In order to find the best multivariate model, we will use the step function:
model2 = step(lm(data = mtcars, mpg ~ .),trace=0,steps=10000)
summary(model2)
##
## Call:
## lm(formula = mpg ~ wt + qsec + am, data = mtcars)
##
## Residuals:
## Min 1Q Median 3Q Max
## -3.4811 -1.5555 -0.7257 1.4110 4.6610
##
## Coefficients:
## Estimate Std. Error t value Pr(>|t|)
## (Intercept) 9.6178 6.9596 1.382 0.177915
## wt -3.9165 0.7112 -5.507 6.95e-06 ***
## qsec 1.2259 0.2887 4.247 0.000216 ***
## amManual 2.9358 1.4109 2.081 0.046716 *
## ---
## Signif. codes: 0 '***' 0.001 '**' 0.01 '*' 0.05 '.' 0.1 ' ' 1
##
## Residual standard error: 2.459 on 28 degrees of freedom
## Multiple R-squared: 0.8497, Adjusted R-squared: 0.8336
## F-statistic: 52.75 on 3 and 28 DF, p-value: 1.21e-11
Now our model has an R-squared value of 0.849, meaning that the new model can explain 85% of the variation in mpg. In addition to the am variable, we have added wt (weight) and qsec (quarter mile time) to our model.

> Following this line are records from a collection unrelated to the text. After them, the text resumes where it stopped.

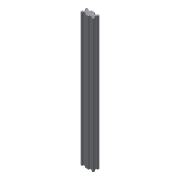
# Autodesk Inventor part: 20X40long
Saved by Autodesk Inventor 2015 SP1 (Build 190203100, 203)
## iProperties
Created: 2015-01-22
Part Number: 20X40long
Material: Aluminum 6061
Document SubType Name: Modeling
Designer: rihoobler
Density: 2.7 g/cm^3
Appearance: Aluminum - Flat
Author: rihoobler
Autodesk Inventor part; units mm, degrees
ref_plane "YZ Plane" through (0, 0, 0) normal (1, 0, 0) x (0, 1, 0)
ref_plane "XZ Plane" through (0, 0, 0) normal (0, 1, 0) x (-1, 0, 0)
sketch "Sketch1" plane through (0, 0, 0) normal (0, 1, 0) x (-1, 0, 0)
  line L0 (0, 0) -> (40, 0)
  line L1 (40, 0) -> (40, 20)
  line L2 (40, 20) -> (0, 20)
  line L3 (0, 20) -> (0, 0)
  line L4 (0, 14) -> (4, 14)
  line L5 (4, 14) -> (4, 6)
  line L6 (4, 6) -> (0, 6)
  line L7 (0, 6) -> (0, 14)
  line L8 (40, 14) -> (36, 14)
  line L9 (36, 14) -> (36, 6)
  line L10 (36, 6) -> (40, 6)
  line L11 (40, 6) -> (40, 14)
  line L12 (6, 0) -> (14, 0)
  line L13 (14, 0) -> (14, 4)
  line L14 (14, 4) -> (6, 4)
  line L15 (6, 4) -> (6, 0)
  line L16 (26, 0) -> (34, 0)
  line L17 (34, 0) -> (34, 4)
  line L18 (34, 4) -> (26, 4)
  line L19 (26, 4) -> (26, 0)
  line L20 (6, 20) -> (14, 20)
  line L21 (14, 20) -> (14, 16)
  line L22 (14, 16) -> (6, 16)
  line L23 (6, 16) -> (6, 20)
  line L24 (26, 20) -> (34, 20)
  line L25 (34, 20) -> (34, 16)
  line L26 (34, 16) -> (26, 16)
  line L27 (26, 16) -> (26, 20)
  dimension "d0" = 40
  dimension "d1" = 20
  dimension "d2" = 6
  dimension "d3" = 8
  dimension "d4" = 4
  dimension "d5" = 8
  dimension "d6" = 6
  dimension "d7" = 4
  dimension "d8" = 4
  dimension "d9" = 8
  dimension "d10" = 6
  dimension "d11" = 4
  constraints: 56 end point, 14 parallel, 14 point on line, 7 horizontal, 7 perpendicular
  measures "d0" distance of L2.end L1.end
  measures "d1" distance of L1.end L0.end
  measures "d2" distance between parallel lines of L2 L4
  measures "d3" distance between parallel lines of L6 L4
  measures "d4" distance of L5.end L6.end
  measures "d5" distance between parallel lines of L13 L15
  measures "d6" distance between parallel lines of L3 L15
  measures "d7" distance between parallel lines of L0 L14
  measures "d8" distance between parallel lines of L2 L22
  measures "d9" distance between parallel lines of L17 L19
  measures "d10" distance between parallel lines of L1 L17
  measures "d11" distance of L9.end L10.end
extrude "Extrusion1" add sketch "Sketch1" along normal blind 413.004 contours L3 L6 L5 L4 L2 L23 L22 L21 L27 L26 L25 L1 L8 L9 L10 L0 L17 L18 L19 L13 L14 L15
fillet "Fillet1" radius 1.27 16 edges at (-40, 206.502, 20) (-40, 206.502, 14) (-40, 206.502, 6) (-40, 206.502, 0) (-34, 206.502, 0) (-34, 206.502, 20) (-26, 206.502, 20) (-14, 206.502, 20) (-6, 206.502, 20) (0, 206.502, 20) (0, 206.502, 14) (0, 206.502, 6) (0, 206.502, 0) (-6, 206.502, 0) (-14, 206.502, 0) (-26, 206.502, 0)
ref_plane "Work Plane1" through (-24.73, 0, 10) normal (0, 0, 1) x (1, 0, 0)
body "Solid1"

We can run an anova test to see if our new multivariate linear model is truly better than the simple linear model.
anova(model1, model2)
## Analysis of Variance Table
##
## Model 1: mpg ~ am
## Model 2: mpg ~ wt + qsec + am
## Res.Df RSS Df Sum of Sq F Pr(>F)
## 1 30 720.90
## 2 28 169.29 2 551.61 45.618 1.55e-09 ***
## ---
## Signif. codes: 0 '***' 0.001 '**' 0.01 '*' 0.05 '.' 0.1 ' ' 1
anova(model1, model2)$"Pr(>F)"[2]
## [1] 1.550495e-09
With a p-value of 1.55e-09, we can reject the null hypothesis that the models are not significantly different.
Let’s take a look at our model’s residuals:
layout(matrix(c(1,2,3,4),2,2))
plot(model2)
The residuals don’t show any pattern, appear to be following a normal distributuion, and do not appear to have heteroskedasticity.
Is an automatic or manual transmission better for MPG?
No, regression analysis shows that manual transmissions have better MPG.
Quantify the MPG difference between automatic and manual transmissions?
A car with manual transmission will get 2.9 miles more per gallon than an automatic car, holding weight and quarter mile time constant.